• _Data for processing_
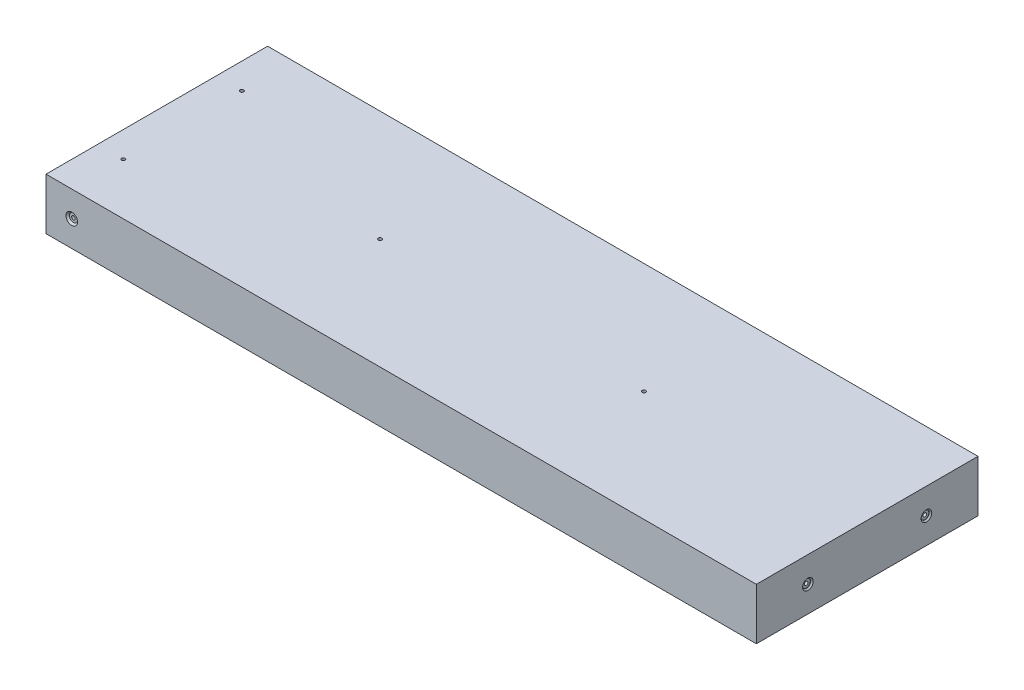
SolidWorks part; units mm, degrees
material "Balsa"
ref_plane "Front Plane" through (0, 0, 0) normal (0, 0, 1) x (1, 0, 0)
ref_plane "Top Plane" through (0, 0, 0) normal (0, 1, 0) x (1, 0, 0)
ref_plane "Right Plane" through (0, 0, 0) normal (1, 0, 0) x (0, 0, -1)
sketch "Sketch1" plane through (0, 0, 0) normal (0, 1, 0) x (1, 0, 0)
  line L1 (-175, 54.6) -> (175, 54.6)
  line L2 (-175, 54.6) -> (-175, -54.6)
  line L3 (-175, -54.6) -> (175, -54.6)
  line L4 (175, 54.6) -> (175, -54.6)
  line L5 (-175, 54.6) -> (175, -54.6) construction
  line L6 (-175, -54.6) -> (175, 54.6) construction
  point P0 (0, 0)
  dimension "D1" = 109.2
  dimension "D2" = 350
extrude "Boss-Extrude1" add sketch "Sketch1" along normal blind 25.4
hole_wizard "CBORE for #0 Binding Head Machine Screw1" positions "Sketch2" profile "Sketch3" counterbore size "#0" standard "ANSI Inch"
sketch "Sketch2" plane through (0, 0, 54.6) normal (0, 0, 1) x (1, 0, 0)
  line L0 (-175, 25.4) -> (-175, 0) construction
  line L1 (-175, 25.4) -> (175, 25.4) construction
  point P0 (-162.3, 12.7)
  dimension "D1" = 12.7
  dimension "D2" = 12.7
sketch "Sketch3" plane through (-162.3, 12.7, 54.6) normal (1, 0, 0) x (0, -1, 0)
  line L0 (0, 0) -> (0, 30.5342)
  line L1 (0, 30.5342) -> (0.889, 30)
  line L2 (0.889, 30) -> (0.889, 0.8128)
  line L3 (0.889, 0.8128) -> (1.985, 0.8128)
  line L5 (1.985, 0.8128) -> (1.985, 0.8725)
  line L6 (1.985, 0.8725) -> (2.8575, 0)
  line L7 (2.8575, 0) -> (0, 0)
  line L8 (-1.985, 0.8725) -> (-2.8575, 0) construction
  line L10 (0, 30.5342) -> (-0.889, 30) construction
  line L11 (0, -6.35) -> (0, 107.95) construction
  dimension "Hole Dia." = 1.778
  dimension "Hole Depth" = 30
  dimension "C'Bore Dia." = 3.97
  dimension "C'Bore Depth" = 0.8128
  dimension "Near C'Sink Dia." = 5.715
  dimension "Near C'Sink Angle" = 90
  dimension "Drill Angle" = 118
mirror "Mirror1" about plane through (0, 0, 0) normal (0, 0, 1) of "CBORE for #0 Binding Head Machine Screw1"
hole_wizard "CBORE for #0 Binding Head Machine Screw2" positions "Sketch4" profile "Sketch5" counterbore size "#0" standard "ANSI Inch"
sketch "Sketch4" plane through (175, 0, 0) normal (1, 0, 0) x (0, 0, -1)
  line L0 (-54.6, 25.4) -> (-54.6, 0) construction
  line L2 (-54.6, 25.4) -> (54.6, 25.4) construction
  point P0 (-29.1995, 12.7)
  point P2 (29.2005, 12.7)
  dimension "D1" = 58.4
  dimension "D2" = 25.4005
  dimension "D4" = 12.7
sketch "Sketch5" plane through (175, 12.7, 29.1995) normal (0, 1, 0) x (0, 0, -1)
  line L0 (0, 0) -> (0, 30.5342)
  line L1 (0, 30.5342) -> (0.889, 30)
  line L2 (0.889, 30) -> (0.889, 0.8128)
  line L3 (0.889, 0.8128) -> (1.985, 0.8128)
  line L5 (1.985, 0.8128) -> (1.985, 0.635)
  line L6 (1.985, 0.635) -> (2.62, 0)
  line L7 (2.62, 0) -> (0, 0)
  line L8 (-1.985, 0.635) -> (-2.62, 0) construction
  line L10 (0, 30.5342) -> (-0.889, 30) construction
  line L11 (0, -6.35) -> (0, 107.95) construction
  dimension "Hole Dia." = 1.778
  dimension "Hole Depth" = 30
  dimension "C'Bore Dia." = 3.97
  dimension "C'Bore Depth" = 0.8128
  dimension "Near C'Sink Dia." = 5.24
  dimension "Near C'Sink Angle" = 90
  dimension "Drill Angle" = 118
hole_wizard "CBORE for #0 Binding Head Machine Screw4" positions "Sketch8" profile "Sketch9" counterbore size "#0" standard "ANSI Inch"
sketch "Sketch8" plane through (0, 0, 0) normal (0, -1, 0) x (-1, 0, 0)
  line L0 (0, 54.6) -> (0, -54.6) construction
  line L1 (-175, 54.6) -> (175, 54.6) construction
  line L2 (175, -54.6) -> (-175, -54.6) construction
  line L4 (175, 0) -> (-175, 0) construction
  line L5 (175, 54.6) -> (175, -54.6) construction
  line L6 (-175, -54.6) -> (-175, 54.6) construction
  point P0 (65, 0)
  point P2 (-65, 0)
  dimension "D1" = 130
sketch "Sketch9" plane through (-65, 0, 0) normal (1, 0, 0) x (0, 0, -1)
  line L0 (0, 0) -> (0, 30.5342)
  line L1 (0, 30.5342) -> (0.889, 30)
  line L2 (0.889, 30) -> (0.889, 0.8128)
  line L3 (0.889, 0.8128) -> (1.985, 0.8128)
  line L5 (1.985, 0.8128) -> (1.985, 0.8725)
  line L6 (1.985, 0.8725) -> (2.8575, 0)
  line L7 (2.8575, 0) -> (0, 0)
  line L8 (-1.985, 0.8725) -> (-2.8575, 0) construction
  line L10 (0, 30.5342) -> (-0.889, 30) construction
  line L11 (0, -6.35) -> (0, 107.95) construction
  dimension "Hole Dia." = 1.778
  dimension "Hole Depth" = 30
  dimension "C'Bore Dia." = 3.97
  dimension "C'Bore Depth" = 0.8128
  dimension "Near C'Sink Dia." = 5.715
  dimension "Near C'Sink Angle" = 90
  dimension "Drill Angle" = 118
hole_wizard "CBORE for #0 Binding Head Machine Screw6" positions "Sketch12" profile "Sketch13" counterbore size "#0" standard "ANSI Inch" end condition through all
sketch "Sketch12" plane through (0, 0, 0) normal (0, -1, 0) x (-1, 0, 0)
  line L0 (175, 54.6) -> (175, -54.6) construction
  line L1 (-175, 54.6) -> (175, 54.6) construction
  point P0 (162.3, 29.2)
  point P2 (162.3, -29.2)
  dimension "D1" = 12.7
  dimension "D2" = 12.7
  dimension "D3" = 58.4
  dimension "D4" = 25.4
sketch "Sketch13" plane through (-162.3, 0, -29.2) normal (1, 0, 0) x (0, 0, -1)
  line L0 (0, 0) -> (0, 25.4)
  line L1 (0, 25.4) -> (0.889, 25.4)
  line L3 (0.889, 25.4) -> (0.889, 0.8128)
  line L4 (1.985, 0.8128) -> (0.889, 0.8128)
  line L5 (1.985, 0.8128) -> (1.985, 0.8725)
  line L6 (1.985, 0.8725) -> (2.8575, 0)
  line L7 (2.8575, 0) -> (0, 0)
  line L8 (-1.985, 0.8725) -> (-2.8575, 0) construction
  line L11 (0, -6.35) -> (0, 107.95) construction
  dimension "Thru Hole Dia." = 1.778
  dimension "Thru Hole Depth" = 25.4
  dimension "C'Bore Dia." = 3.97
  dimension "C'Bore Depth" = 0.8128
  dimension "Near C'Sink Dia." = 5.715
  dimension "Near C'Sink Angle" = 90

• _The task_
Count lines, not occurrences: report how many lines in the entries above include the word "profile", as a number alone.

• _Written solution_
4